Left ventricular global longitudinal strain predicts death risk in aortic stenosis

01 Dec 2022
Left ventricular global longitudinal strain predicts death risk in aortic stenosis

In patients with moderate aortic stenosis (AS) and reduced left ventricular (LV) systolic dysfunction, LV global longitudinal strain (GLS) appears to be an independent indicator of mortality, a new study has found.

Adding LV GLS to established predictive risk factors incrementally improves their prognostic value.

Researchers enrolled 166 patients (mean age 73 years, 71 percent men), in whom speckle-tracking echocardiography was used to measure LV GLS. Spline curve analysis revealed an optimal GLS threshold of 11 percent, which was then used to categorize the patients into two groups. The primary outcome was all-cause mortality.

Over a median follow-up of 34 months, 73 patients died, yielding a mortality rate of 44 percent.
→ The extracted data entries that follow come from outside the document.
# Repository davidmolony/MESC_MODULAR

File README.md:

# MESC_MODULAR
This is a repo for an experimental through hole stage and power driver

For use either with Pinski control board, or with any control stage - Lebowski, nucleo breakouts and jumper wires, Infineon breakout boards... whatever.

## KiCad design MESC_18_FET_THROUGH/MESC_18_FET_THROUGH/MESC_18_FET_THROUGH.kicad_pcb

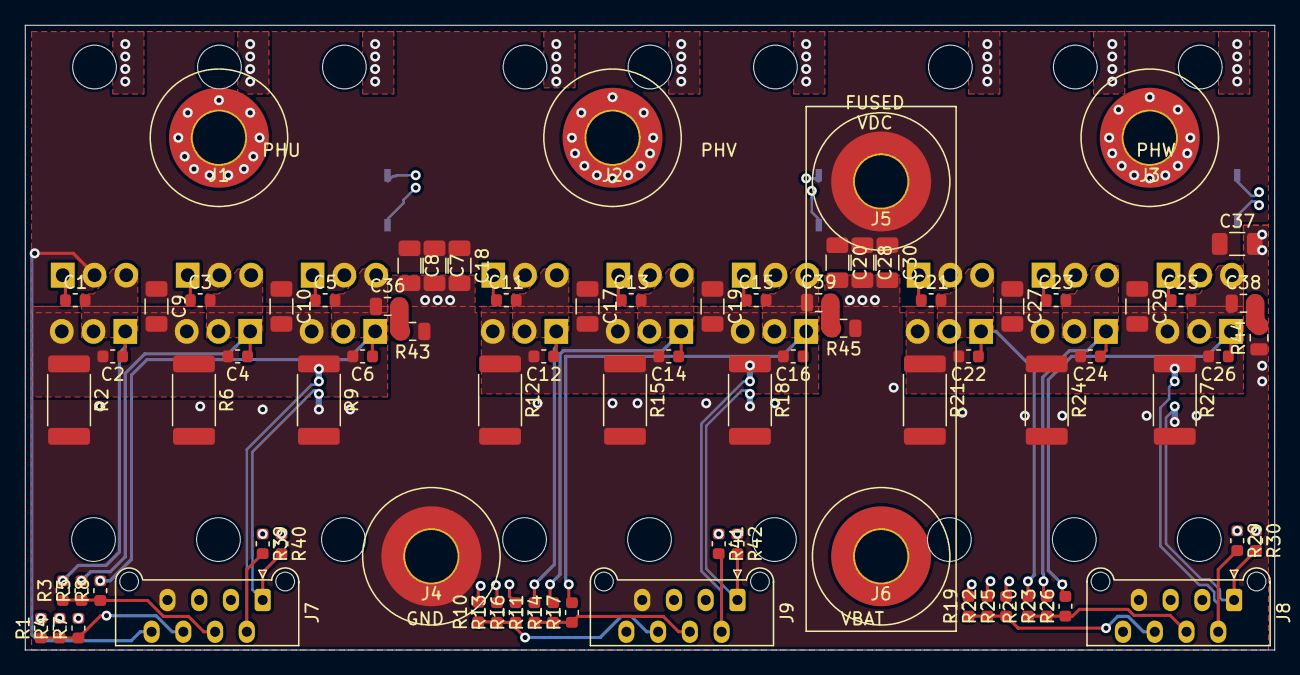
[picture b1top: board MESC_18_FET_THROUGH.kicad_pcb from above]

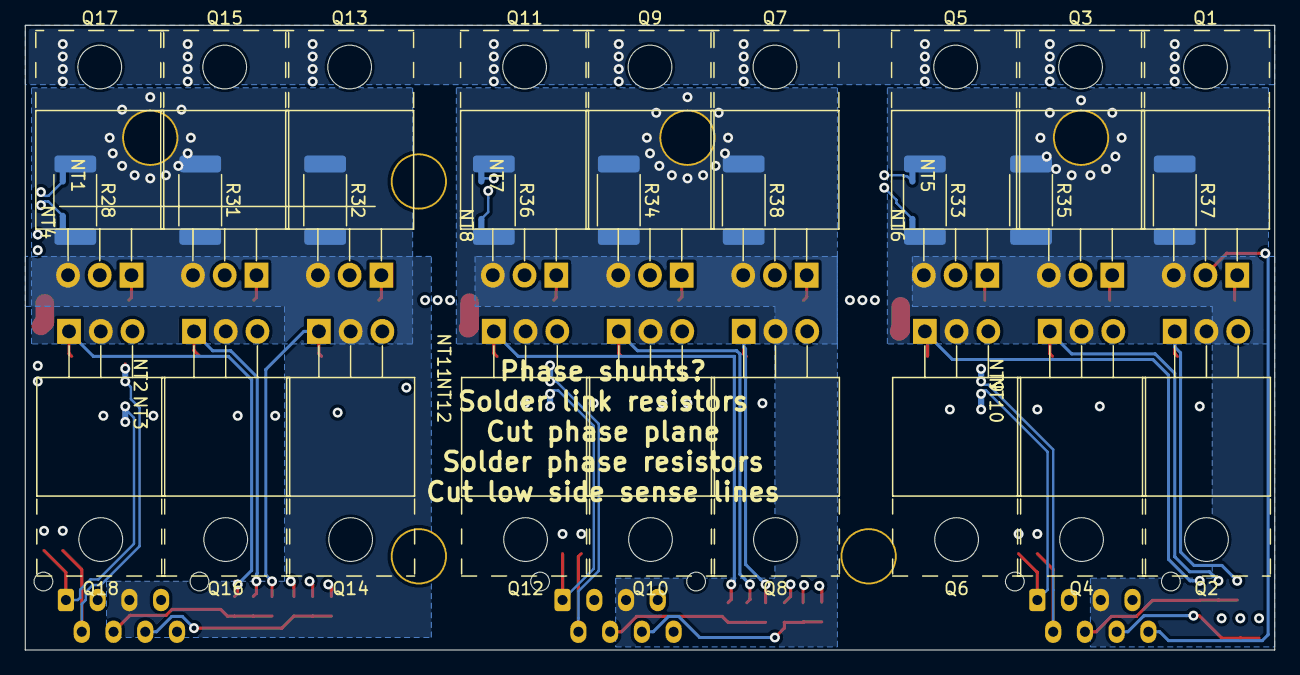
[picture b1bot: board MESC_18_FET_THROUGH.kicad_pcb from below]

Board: 4 copper layers, 100.0 x 50.0 mm, 118 parts (39 on the bottom side), 47 nets.

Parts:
C1, C2, C3, C4, C5, C6, C11, C12, C13, C14, C15, C16, C21, C22, C23, C24, C25, C26: DNF 4.7nF 25V; C_0603_1608Metric
C7, C8, C9, C10, C17, C18, C19, C20, C27, C28, C29, C30, C37: 1uF 100V; C_1206_3216Metric
C36, C38, C39: 4.7nF 100V; C_0805_2012Metric
J1, J2, J3, J4, J5, J6: M4 screw; Wuerth_Redcube_M4
J7, J8, J9: Conn_01x08_Male; Molex_Picoflex_90325-0008_2x04_P1.27mm_Vertical
NT1, NT2, NT3, NT4, NT5, NT6, NT7, NT8, NT9, NT10, NT11, NT12: Net-Tie_2; NetTie-2_SMD_Pad0.5mm
Q1, Q2, Q3, Q4, Q5, Q6, Q7, Q8, Q9, Q10, Q11, Q12, Q13, Q14, Q15, Q16, Q17, Q18: STP150N10F7; TO-220-3_Horizontal_TabUp
R1, R3, R4, R5, R7, R8, R10, R11, R13, R14, R16, R17, R19, R20, R22, R23, R25, R26: 4.7R; R_0603_1608Metric
R2, R6, R9, R12, R15, R18, R21, R24, R27, R28, R31, R32, R33, R34, R35, R36, R37, R38: 0R001; R_2512_6332Metric
R29, R30, R39, R40, R41, R42: DNF 100R; R_0603_1608Metric
R43, R44, R45: 2R2; R_0805_2012Metric

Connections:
+VDC: C7.1, C8.1, C9.1, C10.1, C17.1, C18.1, C19.1, C20.1, C27.1, C28.1, C29.1, C30.1, C37.1, J5.1, J7.8, Q1.2, Q3.2, Q5.2, Q7.2, Q9.2, Q11.2, Q13.2, Q15.2, Q17.2
/ISUH+: NT5.2, R39.1
/ISUH-: NT6.2, R40.1
/ISVH+: NT7.2, R41.1
/ISVH-: NT8.2, R42.1
/ISWH+: NT1.2, R29.1
/ISWH-: NT4.2, R30.1
GND: C7.2, C8.2, C18.2, C20.2, C28.2, C30.2, C37.2, J4.1, J7.7, J8.7, J9.7, NT3.2, NT10.2, NT12.2, R2.2, R6.2, R9.2, R12.2, R15.2, R18.2, R21.2, R24.2, R27.2, R43.1, R44.1, R45.1
ISU+: J7.2, NT9.2, R39.2
ISU-: J7.1, NT10.1, R40.2
ISV+: J9.2, NT11.2, R41.2
ISV-: J9.1, NT12.1, R42.2
ISW+: J8.2, NT2.2, R29.2
ISW-: J8.1, NT3.1, R30.2
unnamed: C1.1, Q1.1, R1.2
unnamed: C2.1, Q2.1, R3.2
unnamed: C3.1, Q3.1, R4.2
unnamed: C4.1, Q4.1, R5.2
unnamed: C5.1, Q5.1, R7.2
unnamed: C6.1, Q6.1, R8.2
unnamed: C11.1, Q7.1, R10.2
unnamed: C12.1, Q8.1, R11.2
unnamed: C13.1, Q9.1, R13.2
unnamed: C14.1, Q10.1, R14.2
unnamed: C15.1, Q11.1, R16.2
unnamed: C16.1, Q12.1, R17.2
unnamed: C21.1, Q13.1, R19.2
unnamed: C22.1, Q14.1, R20.2
unnamed: C23.1, Q15.1, R22.2
unnamed: C24.1, Q16.1, R23.2
unnamed: C25.1, Q17.1, R25.2
unnamed: C26.1, Q18.1, R26.2
unnamed: C36.2, R43.2
unnamed: C38.2, R44.2
unnamed: C39.2, R45.2
UGH: J7.6, R1.1, R4.1, R7.1
UGL: J7.4, R3.1, R5.1, R8.1
USOURCE: C2.2, C4.2, C6.2, C9.2, C10.2, J7.3, NT9.1, Q2.3, Q4.3, Q6.3, R2.1, R6.1, R9.1
USWITCH: C1.2, C3.2, C5.2, C36.1, J1.1, J7.5, NT5.1, NT6.1, Q1.3, Q2.2, Q3.3, Q4.2, Q5.3, Q6.2, R33.1, R33.2, R35.1, R35.2, R37.1, R37.2
VGH: J9.6, R10.1, R13.1, R16.1
VGL: J9.4, R11.1, R14.1, R17.1
VSOURCE: C12.2, C14.2, C16.2, C17.2, C19.2, J9.3, NT11.1, Q8.3, Q10.3, Q12.3, R12.1, R15.1, R18.1
VSWITCH: C11.2, C13.2, C15.2, C39.1, J2.1, J9.5, NT7.1, NT8.1, Q7.3, Q8.2, Q9.3, Q10.2, Q11.3, Q12.2, R34.1, R34.2, R36.1, R36.2, R38.1, R38.2
WGH: J8.6, R19.1, R22.1, R25.1
WGL: J8.4, R20.1, R23.1, R26.1
WSOURCE: C22.2, C24.2, C26.2, C27.2, C29.2, J8.3, NT2.1, Q14.3, Q16.3, Q18.3, R21.1, R24.1, R27.1
WSWITCH: C21.2, C23.2, C25.2, C38.1, J3.1, J8.5, NT1.1, NT4.1, Q13.3, Q14.2, Q15.3, Q16.2, Q17.3, Q18.2, R28.1, R28.2, R31.1, R31.2, R32.1, R32.2

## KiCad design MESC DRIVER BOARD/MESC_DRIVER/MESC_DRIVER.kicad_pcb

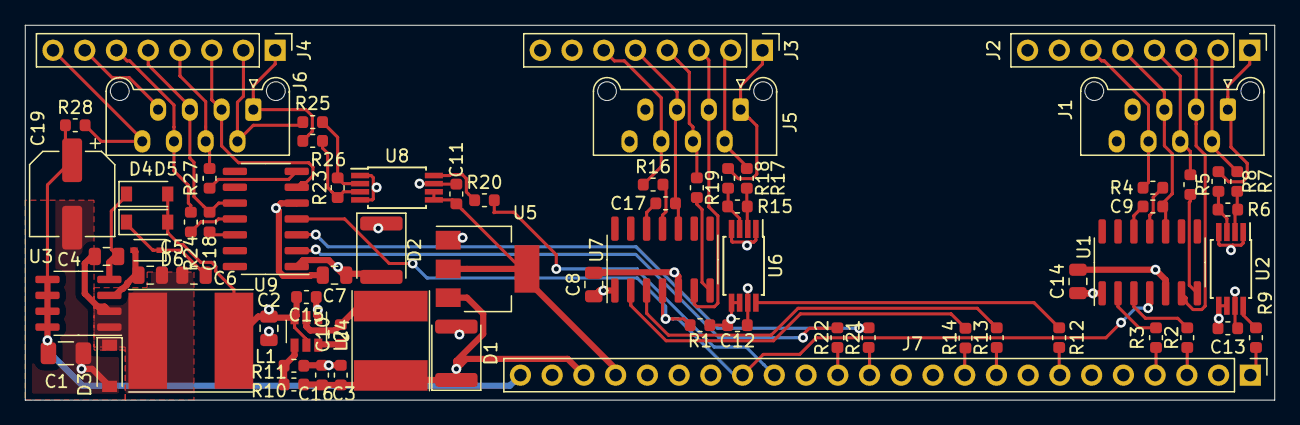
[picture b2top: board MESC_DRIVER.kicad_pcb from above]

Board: 4 copper layers, 100.0 x 30.0 mm, 71 parts (0 on the bottom side), 65 nets.

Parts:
C1: C_Small; C_1206_3216Metric
C2, C4, C5, C6, C7, C8, C14: C_Small; C_0805_2012Metric
C3, C9, C10, C11, C12, C13, C15, C16, C17, C18: C_Small; C_0603_1608Metric
C19: CP_Small; CP_Elec_6.3x7.7
D1, D2: D_TVS; D_1812_4532Metric
D3, D4, D5: D_Small; D_SOD-123
D6: D_Zener_Small; D_SOD-323
J1, J5, J6: Conn_01x08_Male; Molex_Picoflex_90325-0008_2x04_P1.27mm_Vertical
J2, J3, J4: Conn_01x08_Male; PinHeader_1x08_P2.54mm_Vertical
J7: Conn_01x24_Male; PinHeader_1x24_P2.54mm_Vertical
L1: L_Small; L_Taiyo-Yuden_NR-80xx_HandSoldering
L2: L_Small; L_Taiyo-Yuden_NR-60xx_HandSoldering
R1, R2, R3, R4, R5, R6, R7, R8, R9, R10, R11, R12, R13, R14, R15, R16, R17, R18, R19, R20, R21, R22, R23, R24, R25, R26, R27, R28: R_Small; R_0603_1608Metric
U1, U7, U9: 2EDL23N06; SOIC-14_3.9x8.7mm_P1.27mm
U2, U6, U8: INA240A2PW; TSSOP-8_4.4x3mm_P0.65mm
U3: VIPer22AS; SOIC-8_3.9x4.9mm_P1.27mm
U4: TPS563200; SOT-23-6
U5: LM1117-3.3; SOT-223-3_TabPin2

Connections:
+3V3: C11.1, C12.1, C13.1, J7.21, R1.2, U2.5, U2.6, U5.2, U6.5, U6.6, U8.5, U8.6
+5V: C3.1, C16.1, D1.1, J7.22, L2.1, R10.1, U5.3
+15V: C2.1, C7.1, C8.1, C14.1, C15.2, D2.2, D4.2, D5.2, J7.23, L1.1, U1.1, U4.3, U4.5, U7.1, U9.1
+BATT: J4.8, J6.8, R28.2
+VDC: C1.1, C19.1, J7.24, R28.1, U3.5, U3.6, U3.7, U3.8
GND: C1.2, C2.2, C3.2, C7.2, C8.2, C11.2, C12.2, C13.2, C14.2, C15.1, C16.2, C19.2, D1.2, D2.1, D3.2, J4.7, J6.7, J7.2, J7.8, J7.15, J7.20, R11.2, U1.5, U2.1, U2.4, U2.7, U4.1, U5.1, U6.1, U6.4, U6.7, U7.5, U8.1, U8.4, U8.7, U9.5
HINU: J7.4, R3.2
HINV: J7.10, R14.2
HINW: J7.14, R22.2
HOU: J1.6, J2.6, R4.1
HOV: J3.6, J5.6, R16.1
HOW: J4.6, J6.6, R24.1
IU+: J1.2, J2.2, R7.2
IU-: J1.1, J2.1, R8.1
IV+: J3.2, J5.2, R17.2
IV-: J3.1, J5.1, R18.1
IW+: J4.2, J6.2, R25.2
IW-: J4.1, J6.1, R26.1
LINU: J7.3, R2.1
LINV: J7.9, R13.1
LINW: J7.13, R21.1
LOU: J1.4, J2.4, R5.1
LOV: J3.4, J5.4, R19.1
LOW: J4.4, J6.4, R27.1
unnamed: C4.1, D4.1, U3.4
unnamed: C4.2, C5.2, C6.2, D3.1, L1.2, U3.1, U3.2
unnamed: C6.1, D5.1, D6.1
unnamed: C9.1, U1.12
unnamed: C10.1, U4.6
unnamed: C10.2, L2.2, U4.2
unnamed: C17.1, U7.12
unnamed: C18.1, U9.12
unnamed: R2.2, U1.3
unnamed: R3.1, U1.2
unnamed: R4.2, U1.11
unnamed: R5.2, U1.7
unnamed: R6.1, R8.2, U2.3
unnamed: R6.2, R7.1, U2.2
unnamed: R9.1, U2.8
unnamed: R10.2, R11.1, U4.4
unnamed: R12.1, U6.8
unnamed: R13.2, U7.3
unnamed: R14.1, U7.2
unnamed: R15.1, R18.2, U6.3
unnamed: R15.2, R17.1, U6.2
unnamed: R16.2, U7.11
unnamed: R19.2, U7.7
unnamed: R20.1, U8.8
unnamed: R21.2, U9.3
unnamed: R22.1, U9.2
unnamed: R23.1, R26.2, U8.3
unnamed: R23.2, R25.1, U8.2
unnamed: R24.2, U9.11
unnamed: R27.2, U9.7
OPUout: J7.1, R9.2
OPVout: J7.7, R12.2
OPWout: J7.16, R20.2
PGU: J1.3, J2.3, U1.6
PGV: J3.3, J5.3, U7.6
PGW: J4.3, J6.3, U9.6
SWU: C9.2, J1.5, J2.5, U1.10
SWV: C17.2, J3.5, J5.5, U7.10
SWW: C18.2, J4.5, J6.5, U9.10
ViperFB: C5.1, D6.2, U3.3
nFAULT: J7.17, R1.1, U1.4, U7.4, U9.4

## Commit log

2021-05-16 Initial commit of 18 FET power and driver board
2021-05-16 Add DC bus voltage output to power board.

The cumulative 1-, 3-, and 5-year survival estimates were 82 percent, 68 percent, and 55 percent, respectively. Significant differences were reported according to LV GLS.

For instance, patients with GLS measurements below 11 percent had significantly higher 1-year mortality rates (25 percent vs 10 percent), an effect that remained true at the 5-year mark (60 percent vs 27 percent; p<0.001).

Multivariable analysis confirmed that LV GLS <11 percent was a significant risk factor for death, aggravating such likelihood by more than threefold (hazard ratio [HR], 3.028, 95 percent confidence interval [CI], 1.623–5.648; p<0.001). This remained true when taking LV GLS as a continuous variable (HR, 0.753, 95 percent CI, 0.673–0.843; p<0.001).